┌──

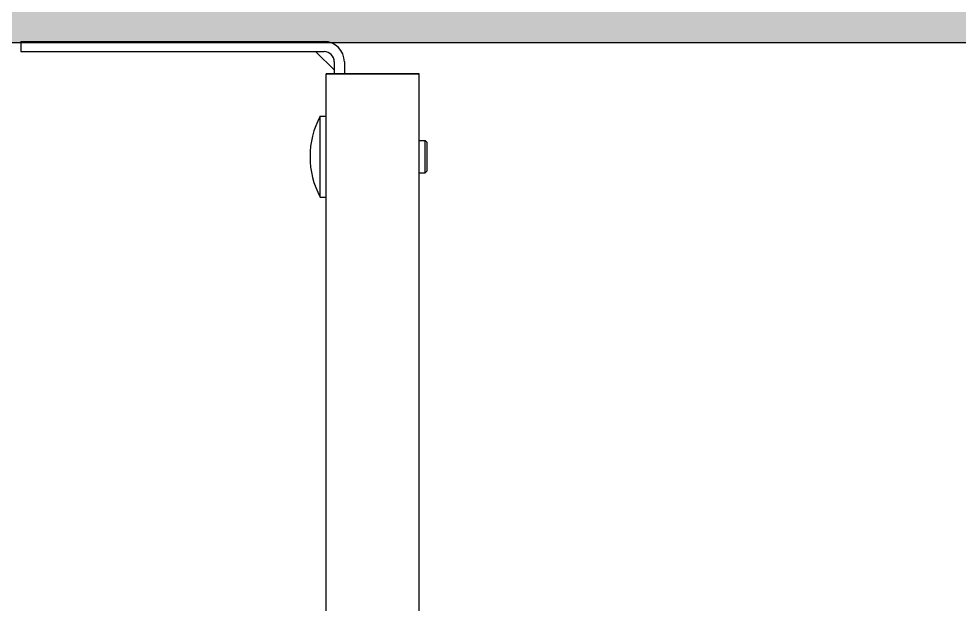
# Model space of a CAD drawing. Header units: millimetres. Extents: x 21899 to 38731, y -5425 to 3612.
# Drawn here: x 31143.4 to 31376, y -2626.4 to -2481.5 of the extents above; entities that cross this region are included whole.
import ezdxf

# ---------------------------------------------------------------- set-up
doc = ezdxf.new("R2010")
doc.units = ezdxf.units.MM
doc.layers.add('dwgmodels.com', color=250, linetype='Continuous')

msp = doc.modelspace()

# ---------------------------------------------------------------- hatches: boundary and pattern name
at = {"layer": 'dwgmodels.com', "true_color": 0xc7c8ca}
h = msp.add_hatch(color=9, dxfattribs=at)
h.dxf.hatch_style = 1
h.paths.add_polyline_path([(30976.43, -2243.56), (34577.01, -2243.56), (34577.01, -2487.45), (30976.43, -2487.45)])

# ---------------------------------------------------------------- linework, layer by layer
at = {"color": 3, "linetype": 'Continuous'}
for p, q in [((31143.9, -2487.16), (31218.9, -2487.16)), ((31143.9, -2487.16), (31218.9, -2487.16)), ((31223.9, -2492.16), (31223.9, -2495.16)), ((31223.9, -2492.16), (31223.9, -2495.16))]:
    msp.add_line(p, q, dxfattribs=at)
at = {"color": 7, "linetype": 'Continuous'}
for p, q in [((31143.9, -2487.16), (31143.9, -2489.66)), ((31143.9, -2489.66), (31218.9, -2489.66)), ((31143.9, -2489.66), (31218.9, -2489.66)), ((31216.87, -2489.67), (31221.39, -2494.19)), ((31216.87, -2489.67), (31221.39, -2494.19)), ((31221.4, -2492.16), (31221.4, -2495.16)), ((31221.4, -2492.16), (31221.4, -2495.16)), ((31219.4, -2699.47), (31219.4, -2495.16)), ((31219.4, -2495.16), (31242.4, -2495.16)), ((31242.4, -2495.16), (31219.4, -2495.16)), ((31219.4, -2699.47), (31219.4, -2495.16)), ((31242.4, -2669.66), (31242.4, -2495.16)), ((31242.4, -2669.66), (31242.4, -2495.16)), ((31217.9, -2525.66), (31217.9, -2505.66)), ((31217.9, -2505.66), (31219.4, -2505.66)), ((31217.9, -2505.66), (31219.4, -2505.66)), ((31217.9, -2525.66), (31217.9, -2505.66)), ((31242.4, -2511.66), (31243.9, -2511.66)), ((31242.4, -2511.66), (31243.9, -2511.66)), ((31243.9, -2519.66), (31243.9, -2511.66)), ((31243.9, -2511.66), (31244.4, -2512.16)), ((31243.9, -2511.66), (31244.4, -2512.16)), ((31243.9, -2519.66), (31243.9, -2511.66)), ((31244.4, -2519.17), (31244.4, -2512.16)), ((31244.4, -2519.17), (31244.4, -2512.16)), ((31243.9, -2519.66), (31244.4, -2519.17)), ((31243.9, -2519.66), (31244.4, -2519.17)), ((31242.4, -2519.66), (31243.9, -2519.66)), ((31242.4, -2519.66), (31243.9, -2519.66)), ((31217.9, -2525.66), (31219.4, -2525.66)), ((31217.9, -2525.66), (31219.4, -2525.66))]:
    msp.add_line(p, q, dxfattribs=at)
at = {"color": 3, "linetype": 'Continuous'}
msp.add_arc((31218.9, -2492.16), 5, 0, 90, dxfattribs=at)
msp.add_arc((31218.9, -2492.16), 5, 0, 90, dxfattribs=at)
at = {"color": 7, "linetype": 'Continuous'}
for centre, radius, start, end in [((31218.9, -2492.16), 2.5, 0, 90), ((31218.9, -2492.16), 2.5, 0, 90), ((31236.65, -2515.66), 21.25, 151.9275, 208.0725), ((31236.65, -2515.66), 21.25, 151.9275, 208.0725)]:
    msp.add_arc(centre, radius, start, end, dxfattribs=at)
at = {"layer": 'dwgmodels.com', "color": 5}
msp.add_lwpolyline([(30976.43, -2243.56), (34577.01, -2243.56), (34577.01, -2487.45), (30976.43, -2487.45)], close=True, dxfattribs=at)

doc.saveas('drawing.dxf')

└──

Prompt: Scan the records above for the word "dwgmodels" and return every line where it occurs.

Response area:
doc.layers.add('dwgmodels.com', color=250, linetype='Continuous')
at = {"layer": 'dwgmodels.com', "true_color": 0xc7c8ca}
at = {"layer": 'dwgmodels.com', "color": 5}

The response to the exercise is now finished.